Both are Assisted Living Facilities licensed by the Arizona Department of Health Services; the difference is size. An Assisted Living Home serves ten or fewer residents, often in a converted house with a more domestic feel. An Assisted Living Center serves more than ten and looks more like a traditional senior community.

Arizona licenses a facility by the level of care it can provide: supervisory care (general supervision and help self-administering medications), personal care (hands-on help with daily activities plus intermittent nursing and medication administration), and directed care (services for residents who can't recognize danger, summon help, or make basic care decisions). A facility can only provide up to the level it's licensed for.
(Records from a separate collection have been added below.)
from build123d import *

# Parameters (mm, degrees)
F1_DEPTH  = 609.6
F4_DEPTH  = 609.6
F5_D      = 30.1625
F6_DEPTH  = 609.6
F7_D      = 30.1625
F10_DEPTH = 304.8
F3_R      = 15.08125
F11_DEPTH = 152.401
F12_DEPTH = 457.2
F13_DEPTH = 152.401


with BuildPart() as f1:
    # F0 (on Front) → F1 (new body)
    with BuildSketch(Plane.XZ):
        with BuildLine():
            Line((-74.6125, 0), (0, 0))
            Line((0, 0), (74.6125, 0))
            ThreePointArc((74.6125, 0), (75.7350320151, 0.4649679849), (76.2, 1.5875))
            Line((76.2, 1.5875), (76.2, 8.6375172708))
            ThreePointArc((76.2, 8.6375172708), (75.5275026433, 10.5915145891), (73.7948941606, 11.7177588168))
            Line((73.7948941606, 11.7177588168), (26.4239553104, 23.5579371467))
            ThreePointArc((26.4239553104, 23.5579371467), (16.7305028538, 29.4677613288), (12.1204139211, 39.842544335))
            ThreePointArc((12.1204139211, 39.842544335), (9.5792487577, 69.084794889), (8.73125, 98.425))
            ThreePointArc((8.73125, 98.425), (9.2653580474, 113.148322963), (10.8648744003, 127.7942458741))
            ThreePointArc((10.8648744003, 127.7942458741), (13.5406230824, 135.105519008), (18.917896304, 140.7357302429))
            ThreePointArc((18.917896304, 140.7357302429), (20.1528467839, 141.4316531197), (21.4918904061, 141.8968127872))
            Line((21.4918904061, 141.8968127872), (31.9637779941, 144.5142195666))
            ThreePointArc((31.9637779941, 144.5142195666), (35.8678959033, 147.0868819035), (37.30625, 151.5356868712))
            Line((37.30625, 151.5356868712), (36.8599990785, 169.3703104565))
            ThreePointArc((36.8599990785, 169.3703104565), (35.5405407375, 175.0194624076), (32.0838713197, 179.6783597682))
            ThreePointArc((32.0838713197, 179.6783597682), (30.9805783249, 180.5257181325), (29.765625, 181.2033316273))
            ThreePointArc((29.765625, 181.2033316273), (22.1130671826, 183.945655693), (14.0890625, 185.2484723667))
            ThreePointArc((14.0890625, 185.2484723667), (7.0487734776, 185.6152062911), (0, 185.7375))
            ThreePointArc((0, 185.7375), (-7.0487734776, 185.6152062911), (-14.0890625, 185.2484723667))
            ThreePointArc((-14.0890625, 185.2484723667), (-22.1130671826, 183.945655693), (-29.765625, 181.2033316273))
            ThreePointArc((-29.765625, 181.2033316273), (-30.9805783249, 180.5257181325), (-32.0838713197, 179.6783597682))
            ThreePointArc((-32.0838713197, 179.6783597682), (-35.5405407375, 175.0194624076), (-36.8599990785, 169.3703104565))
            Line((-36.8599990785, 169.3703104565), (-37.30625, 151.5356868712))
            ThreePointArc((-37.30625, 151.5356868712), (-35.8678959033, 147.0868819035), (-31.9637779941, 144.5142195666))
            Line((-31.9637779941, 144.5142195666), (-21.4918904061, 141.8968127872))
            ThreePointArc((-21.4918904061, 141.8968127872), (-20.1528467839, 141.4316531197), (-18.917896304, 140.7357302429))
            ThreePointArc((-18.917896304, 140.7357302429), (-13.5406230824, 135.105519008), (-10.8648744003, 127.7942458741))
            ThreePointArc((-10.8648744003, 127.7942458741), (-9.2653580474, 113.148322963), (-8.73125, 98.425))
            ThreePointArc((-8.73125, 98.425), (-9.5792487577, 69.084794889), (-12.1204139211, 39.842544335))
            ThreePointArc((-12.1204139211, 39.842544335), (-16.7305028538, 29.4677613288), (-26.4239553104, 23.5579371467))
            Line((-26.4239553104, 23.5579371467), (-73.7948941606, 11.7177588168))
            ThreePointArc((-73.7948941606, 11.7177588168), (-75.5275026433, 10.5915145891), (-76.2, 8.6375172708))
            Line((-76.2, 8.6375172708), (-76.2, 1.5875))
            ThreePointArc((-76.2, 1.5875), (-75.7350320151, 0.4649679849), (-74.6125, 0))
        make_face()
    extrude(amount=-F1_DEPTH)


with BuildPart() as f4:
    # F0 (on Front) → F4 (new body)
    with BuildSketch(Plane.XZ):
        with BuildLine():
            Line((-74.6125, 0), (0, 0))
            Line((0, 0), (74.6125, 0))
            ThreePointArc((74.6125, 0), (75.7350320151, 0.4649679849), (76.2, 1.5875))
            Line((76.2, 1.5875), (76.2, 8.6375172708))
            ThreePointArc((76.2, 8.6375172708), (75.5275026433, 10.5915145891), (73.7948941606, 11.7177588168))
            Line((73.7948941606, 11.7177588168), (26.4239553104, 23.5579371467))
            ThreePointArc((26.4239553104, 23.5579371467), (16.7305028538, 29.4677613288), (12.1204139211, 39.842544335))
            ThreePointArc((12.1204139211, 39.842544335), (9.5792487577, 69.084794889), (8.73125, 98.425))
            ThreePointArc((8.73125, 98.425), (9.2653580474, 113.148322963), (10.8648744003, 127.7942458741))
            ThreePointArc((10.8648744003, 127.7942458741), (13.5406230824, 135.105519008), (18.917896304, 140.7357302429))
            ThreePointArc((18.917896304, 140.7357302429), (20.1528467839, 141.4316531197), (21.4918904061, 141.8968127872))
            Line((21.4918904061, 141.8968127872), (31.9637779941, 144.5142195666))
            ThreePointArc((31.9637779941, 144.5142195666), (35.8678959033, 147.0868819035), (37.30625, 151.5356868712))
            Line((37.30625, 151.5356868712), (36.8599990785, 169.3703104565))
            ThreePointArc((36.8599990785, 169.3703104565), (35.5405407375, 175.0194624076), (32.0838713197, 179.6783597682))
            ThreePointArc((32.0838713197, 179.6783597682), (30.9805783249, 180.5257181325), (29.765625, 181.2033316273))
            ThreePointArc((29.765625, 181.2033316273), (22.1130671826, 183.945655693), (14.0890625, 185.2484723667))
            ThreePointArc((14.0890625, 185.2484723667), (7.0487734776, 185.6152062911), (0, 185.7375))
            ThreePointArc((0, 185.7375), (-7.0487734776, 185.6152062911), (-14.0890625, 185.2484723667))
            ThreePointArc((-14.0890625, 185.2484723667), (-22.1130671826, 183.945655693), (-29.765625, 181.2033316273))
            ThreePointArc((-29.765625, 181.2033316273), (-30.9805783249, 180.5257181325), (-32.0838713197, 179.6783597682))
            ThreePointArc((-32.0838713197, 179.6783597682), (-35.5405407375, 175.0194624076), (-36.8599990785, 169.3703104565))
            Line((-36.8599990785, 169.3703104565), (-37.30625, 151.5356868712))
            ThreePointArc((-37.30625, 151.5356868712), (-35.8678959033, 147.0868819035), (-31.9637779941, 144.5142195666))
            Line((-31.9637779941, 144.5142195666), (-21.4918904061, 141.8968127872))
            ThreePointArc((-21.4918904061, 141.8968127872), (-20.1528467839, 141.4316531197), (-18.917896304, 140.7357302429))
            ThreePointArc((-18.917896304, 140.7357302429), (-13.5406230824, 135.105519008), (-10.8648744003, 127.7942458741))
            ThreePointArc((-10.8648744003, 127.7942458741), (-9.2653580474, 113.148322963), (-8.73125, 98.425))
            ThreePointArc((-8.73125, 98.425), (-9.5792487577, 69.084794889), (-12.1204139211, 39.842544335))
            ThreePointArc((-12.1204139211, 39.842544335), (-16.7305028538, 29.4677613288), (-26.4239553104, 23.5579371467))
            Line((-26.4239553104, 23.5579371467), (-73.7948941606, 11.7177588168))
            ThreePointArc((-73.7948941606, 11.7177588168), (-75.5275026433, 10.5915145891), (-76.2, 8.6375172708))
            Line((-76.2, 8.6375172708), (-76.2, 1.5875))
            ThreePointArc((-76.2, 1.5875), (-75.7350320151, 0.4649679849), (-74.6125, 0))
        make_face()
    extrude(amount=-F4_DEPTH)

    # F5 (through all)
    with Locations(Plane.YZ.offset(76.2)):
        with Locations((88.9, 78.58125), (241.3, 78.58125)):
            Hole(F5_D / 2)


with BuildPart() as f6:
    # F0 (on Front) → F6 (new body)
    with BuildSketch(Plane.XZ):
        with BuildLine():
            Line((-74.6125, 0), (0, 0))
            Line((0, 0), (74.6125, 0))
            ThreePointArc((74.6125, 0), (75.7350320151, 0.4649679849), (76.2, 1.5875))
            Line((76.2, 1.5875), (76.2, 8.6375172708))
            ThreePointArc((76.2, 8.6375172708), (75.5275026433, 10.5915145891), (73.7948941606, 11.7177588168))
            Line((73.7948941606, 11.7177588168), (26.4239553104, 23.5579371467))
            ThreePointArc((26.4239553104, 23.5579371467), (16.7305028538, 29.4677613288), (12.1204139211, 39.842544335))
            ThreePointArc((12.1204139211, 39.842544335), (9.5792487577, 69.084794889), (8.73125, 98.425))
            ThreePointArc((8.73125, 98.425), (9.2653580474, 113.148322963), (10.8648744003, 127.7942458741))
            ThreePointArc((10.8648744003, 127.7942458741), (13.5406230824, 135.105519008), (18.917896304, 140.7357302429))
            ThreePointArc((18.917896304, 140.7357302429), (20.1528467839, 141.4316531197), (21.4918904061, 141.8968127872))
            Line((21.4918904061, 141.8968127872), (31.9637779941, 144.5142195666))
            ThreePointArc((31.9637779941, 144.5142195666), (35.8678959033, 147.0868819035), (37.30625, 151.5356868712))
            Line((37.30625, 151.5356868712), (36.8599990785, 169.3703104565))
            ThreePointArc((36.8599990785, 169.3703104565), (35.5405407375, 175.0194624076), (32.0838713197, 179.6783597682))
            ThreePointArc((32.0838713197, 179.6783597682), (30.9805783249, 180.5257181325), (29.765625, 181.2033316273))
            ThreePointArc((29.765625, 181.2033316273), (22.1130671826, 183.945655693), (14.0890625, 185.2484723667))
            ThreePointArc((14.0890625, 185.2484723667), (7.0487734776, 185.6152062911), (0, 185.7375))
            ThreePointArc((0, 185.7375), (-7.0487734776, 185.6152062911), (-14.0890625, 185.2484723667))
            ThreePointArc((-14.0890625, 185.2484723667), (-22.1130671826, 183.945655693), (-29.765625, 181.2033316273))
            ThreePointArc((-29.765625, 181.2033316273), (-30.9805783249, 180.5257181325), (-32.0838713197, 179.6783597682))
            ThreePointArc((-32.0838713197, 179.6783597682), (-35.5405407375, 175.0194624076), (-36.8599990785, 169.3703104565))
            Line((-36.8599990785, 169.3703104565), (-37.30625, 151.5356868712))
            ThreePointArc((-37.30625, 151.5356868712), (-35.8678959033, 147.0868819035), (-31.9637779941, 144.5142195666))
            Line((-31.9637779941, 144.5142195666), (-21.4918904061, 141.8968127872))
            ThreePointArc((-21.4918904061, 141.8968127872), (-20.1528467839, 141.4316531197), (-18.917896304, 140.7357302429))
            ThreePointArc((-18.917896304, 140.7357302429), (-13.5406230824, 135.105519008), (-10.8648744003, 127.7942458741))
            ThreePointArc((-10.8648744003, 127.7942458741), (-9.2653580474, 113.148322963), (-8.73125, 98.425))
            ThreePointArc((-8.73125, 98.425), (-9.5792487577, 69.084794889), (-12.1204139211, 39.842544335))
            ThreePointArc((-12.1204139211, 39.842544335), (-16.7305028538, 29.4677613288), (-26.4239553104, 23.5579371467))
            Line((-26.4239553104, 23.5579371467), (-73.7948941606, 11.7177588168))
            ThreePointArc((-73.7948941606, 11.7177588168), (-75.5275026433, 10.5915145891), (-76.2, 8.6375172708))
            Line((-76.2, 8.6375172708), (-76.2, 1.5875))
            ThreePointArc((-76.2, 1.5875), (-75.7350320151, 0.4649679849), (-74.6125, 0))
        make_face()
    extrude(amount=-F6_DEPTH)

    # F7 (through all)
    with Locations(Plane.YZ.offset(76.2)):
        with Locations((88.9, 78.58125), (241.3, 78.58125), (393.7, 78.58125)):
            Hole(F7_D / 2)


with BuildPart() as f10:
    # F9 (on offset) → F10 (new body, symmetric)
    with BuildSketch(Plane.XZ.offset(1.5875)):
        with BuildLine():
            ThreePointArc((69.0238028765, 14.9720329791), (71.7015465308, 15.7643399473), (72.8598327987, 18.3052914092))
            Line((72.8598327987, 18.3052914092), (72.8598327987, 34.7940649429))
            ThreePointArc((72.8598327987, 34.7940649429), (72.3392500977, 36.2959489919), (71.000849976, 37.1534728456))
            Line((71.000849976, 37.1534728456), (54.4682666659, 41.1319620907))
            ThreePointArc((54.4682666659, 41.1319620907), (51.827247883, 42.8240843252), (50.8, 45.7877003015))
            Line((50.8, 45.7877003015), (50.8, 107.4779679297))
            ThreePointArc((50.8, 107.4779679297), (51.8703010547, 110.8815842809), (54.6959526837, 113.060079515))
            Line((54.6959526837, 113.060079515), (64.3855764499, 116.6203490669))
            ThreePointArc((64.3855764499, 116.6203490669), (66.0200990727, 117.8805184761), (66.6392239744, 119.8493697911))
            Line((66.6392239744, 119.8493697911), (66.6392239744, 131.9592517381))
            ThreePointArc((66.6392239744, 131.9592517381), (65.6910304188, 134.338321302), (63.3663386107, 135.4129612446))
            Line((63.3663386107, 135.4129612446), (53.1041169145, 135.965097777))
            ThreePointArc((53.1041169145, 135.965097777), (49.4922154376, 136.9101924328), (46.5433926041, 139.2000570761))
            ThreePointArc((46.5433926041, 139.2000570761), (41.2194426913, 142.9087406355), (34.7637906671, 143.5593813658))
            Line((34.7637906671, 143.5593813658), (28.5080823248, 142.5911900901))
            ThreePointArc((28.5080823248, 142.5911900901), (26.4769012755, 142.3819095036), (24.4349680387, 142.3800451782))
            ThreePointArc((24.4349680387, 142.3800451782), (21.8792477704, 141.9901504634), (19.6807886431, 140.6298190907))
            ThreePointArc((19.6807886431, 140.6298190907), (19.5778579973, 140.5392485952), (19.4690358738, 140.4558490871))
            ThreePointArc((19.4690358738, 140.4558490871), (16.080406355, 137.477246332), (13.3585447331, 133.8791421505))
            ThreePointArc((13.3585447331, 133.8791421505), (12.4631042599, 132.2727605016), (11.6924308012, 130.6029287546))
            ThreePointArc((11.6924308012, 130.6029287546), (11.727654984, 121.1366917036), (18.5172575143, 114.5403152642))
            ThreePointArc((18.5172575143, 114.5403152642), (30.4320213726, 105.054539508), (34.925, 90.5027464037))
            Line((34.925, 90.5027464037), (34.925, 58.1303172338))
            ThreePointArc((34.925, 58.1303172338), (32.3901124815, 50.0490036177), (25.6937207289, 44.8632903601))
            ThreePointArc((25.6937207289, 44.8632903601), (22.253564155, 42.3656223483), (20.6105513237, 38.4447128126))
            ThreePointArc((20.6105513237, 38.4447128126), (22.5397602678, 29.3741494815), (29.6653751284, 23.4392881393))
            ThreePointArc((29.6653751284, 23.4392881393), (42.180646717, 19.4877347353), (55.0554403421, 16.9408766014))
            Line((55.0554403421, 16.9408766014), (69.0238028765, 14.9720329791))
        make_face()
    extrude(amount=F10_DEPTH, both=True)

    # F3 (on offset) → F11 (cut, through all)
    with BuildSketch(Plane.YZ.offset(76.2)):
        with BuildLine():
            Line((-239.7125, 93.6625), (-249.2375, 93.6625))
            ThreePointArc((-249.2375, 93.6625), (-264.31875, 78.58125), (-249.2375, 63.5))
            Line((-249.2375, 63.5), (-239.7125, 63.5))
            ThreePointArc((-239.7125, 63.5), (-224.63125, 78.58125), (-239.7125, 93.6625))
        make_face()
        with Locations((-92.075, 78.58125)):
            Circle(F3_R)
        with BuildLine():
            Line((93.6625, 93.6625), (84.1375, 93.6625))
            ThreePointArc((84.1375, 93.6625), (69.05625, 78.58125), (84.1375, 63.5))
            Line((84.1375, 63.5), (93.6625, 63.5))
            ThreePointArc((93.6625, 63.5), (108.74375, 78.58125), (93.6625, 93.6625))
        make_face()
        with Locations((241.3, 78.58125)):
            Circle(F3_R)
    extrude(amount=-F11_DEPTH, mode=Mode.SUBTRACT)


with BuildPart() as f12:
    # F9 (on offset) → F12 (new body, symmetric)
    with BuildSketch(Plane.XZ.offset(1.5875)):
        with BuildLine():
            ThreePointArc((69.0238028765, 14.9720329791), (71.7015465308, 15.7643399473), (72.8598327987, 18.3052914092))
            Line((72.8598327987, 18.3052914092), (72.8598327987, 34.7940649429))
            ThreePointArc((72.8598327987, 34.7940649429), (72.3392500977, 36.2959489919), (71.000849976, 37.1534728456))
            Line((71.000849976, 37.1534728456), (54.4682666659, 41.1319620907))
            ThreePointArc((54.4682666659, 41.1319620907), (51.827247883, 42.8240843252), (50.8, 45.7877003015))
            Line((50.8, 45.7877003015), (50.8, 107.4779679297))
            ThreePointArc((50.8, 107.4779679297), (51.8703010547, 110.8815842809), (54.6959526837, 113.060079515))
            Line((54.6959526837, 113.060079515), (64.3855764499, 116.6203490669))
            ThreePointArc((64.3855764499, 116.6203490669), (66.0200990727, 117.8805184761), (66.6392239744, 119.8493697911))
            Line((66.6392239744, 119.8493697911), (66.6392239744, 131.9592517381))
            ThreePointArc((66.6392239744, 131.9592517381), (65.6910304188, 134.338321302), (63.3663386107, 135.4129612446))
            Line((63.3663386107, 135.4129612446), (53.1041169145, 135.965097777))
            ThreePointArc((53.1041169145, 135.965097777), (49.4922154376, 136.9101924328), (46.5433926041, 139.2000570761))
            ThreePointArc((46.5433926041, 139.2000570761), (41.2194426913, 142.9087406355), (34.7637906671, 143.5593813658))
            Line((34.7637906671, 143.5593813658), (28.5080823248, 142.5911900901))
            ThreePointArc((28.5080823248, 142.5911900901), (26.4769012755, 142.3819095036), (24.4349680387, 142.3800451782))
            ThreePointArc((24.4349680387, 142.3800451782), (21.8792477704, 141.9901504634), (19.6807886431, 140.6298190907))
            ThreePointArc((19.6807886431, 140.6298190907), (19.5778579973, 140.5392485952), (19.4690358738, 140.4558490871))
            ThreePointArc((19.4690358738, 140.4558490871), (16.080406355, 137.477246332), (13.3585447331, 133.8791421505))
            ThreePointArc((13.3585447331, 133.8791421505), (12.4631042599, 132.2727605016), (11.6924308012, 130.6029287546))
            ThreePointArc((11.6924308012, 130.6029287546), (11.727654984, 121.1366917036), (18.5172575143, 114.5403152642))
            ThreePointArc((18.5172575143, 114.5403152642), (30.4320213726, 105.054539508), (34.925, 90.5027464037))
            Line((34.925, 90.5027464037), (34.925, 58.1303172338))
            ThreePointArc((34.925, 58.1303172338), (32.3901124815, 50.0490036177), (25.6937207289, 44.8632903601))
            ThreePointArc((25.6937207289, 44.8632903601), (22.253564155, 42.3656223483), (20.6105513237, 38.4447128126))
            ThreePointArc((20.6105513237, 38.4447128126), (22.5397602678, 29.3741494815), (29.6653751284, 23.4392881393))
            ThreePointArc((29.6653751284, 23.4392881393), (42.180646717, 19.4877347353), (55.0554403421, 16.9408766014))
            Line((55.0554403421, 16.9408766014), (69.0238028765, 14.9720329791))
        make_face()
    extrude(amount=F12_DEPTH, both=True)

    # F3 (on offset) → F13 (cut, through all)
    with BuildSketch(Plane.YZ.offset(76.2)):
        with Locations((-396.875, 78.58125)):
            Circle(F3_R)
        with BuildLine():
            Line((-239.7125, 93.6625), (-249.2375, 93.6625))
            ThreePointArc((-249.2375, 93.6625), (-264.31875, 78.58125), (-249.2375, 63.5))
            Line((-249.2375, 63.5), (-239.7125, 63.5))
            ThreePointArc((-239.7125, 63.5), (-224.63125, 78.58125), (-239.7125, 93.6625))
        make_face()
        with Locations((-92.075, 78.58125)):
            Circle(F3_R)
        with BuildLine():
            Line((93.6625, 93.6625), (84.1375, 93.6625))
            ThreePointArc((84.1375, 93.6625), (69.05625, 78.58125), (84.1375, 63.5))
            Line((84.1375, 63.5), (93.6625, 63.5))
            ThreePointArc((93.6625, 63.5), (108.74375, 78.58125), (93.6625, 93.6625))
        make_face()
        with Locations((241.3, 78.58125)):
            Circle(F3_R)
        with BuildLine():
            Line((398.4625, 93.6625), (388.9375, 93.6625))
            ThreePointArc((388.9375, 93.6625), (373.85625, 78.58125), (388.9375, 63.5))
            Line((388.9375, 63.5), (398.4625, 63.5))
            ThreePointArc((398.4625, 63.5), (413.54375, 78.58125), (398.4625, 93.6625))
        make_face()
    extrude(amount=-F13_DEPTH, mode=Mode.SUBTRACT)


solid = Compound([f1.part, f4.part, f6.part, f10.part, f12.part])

For 2026 the ALTCS gross monthly income limit is $2,982 for an individual, and an applicant over that limit can still qualify using a special treatment trust. The resource limit is $2,000, with a Community Spouse Resource Deduction that protects part of a couple's assets for a spouse who stays in the community. An applicant also has to meet a nursing-facility level of care.

Learn More

Find personalized help comparing assisted living in Arizona at brevy.com.


The information on Brevy.com is for educational purposes only and is not a substitute for professional legal, financial, or medical advice. Rules vary by state and program and change frequently. Always verify with the relevant agency or a qualified professional. Brevy is not a law firm, financial advisor, or healthcare provider.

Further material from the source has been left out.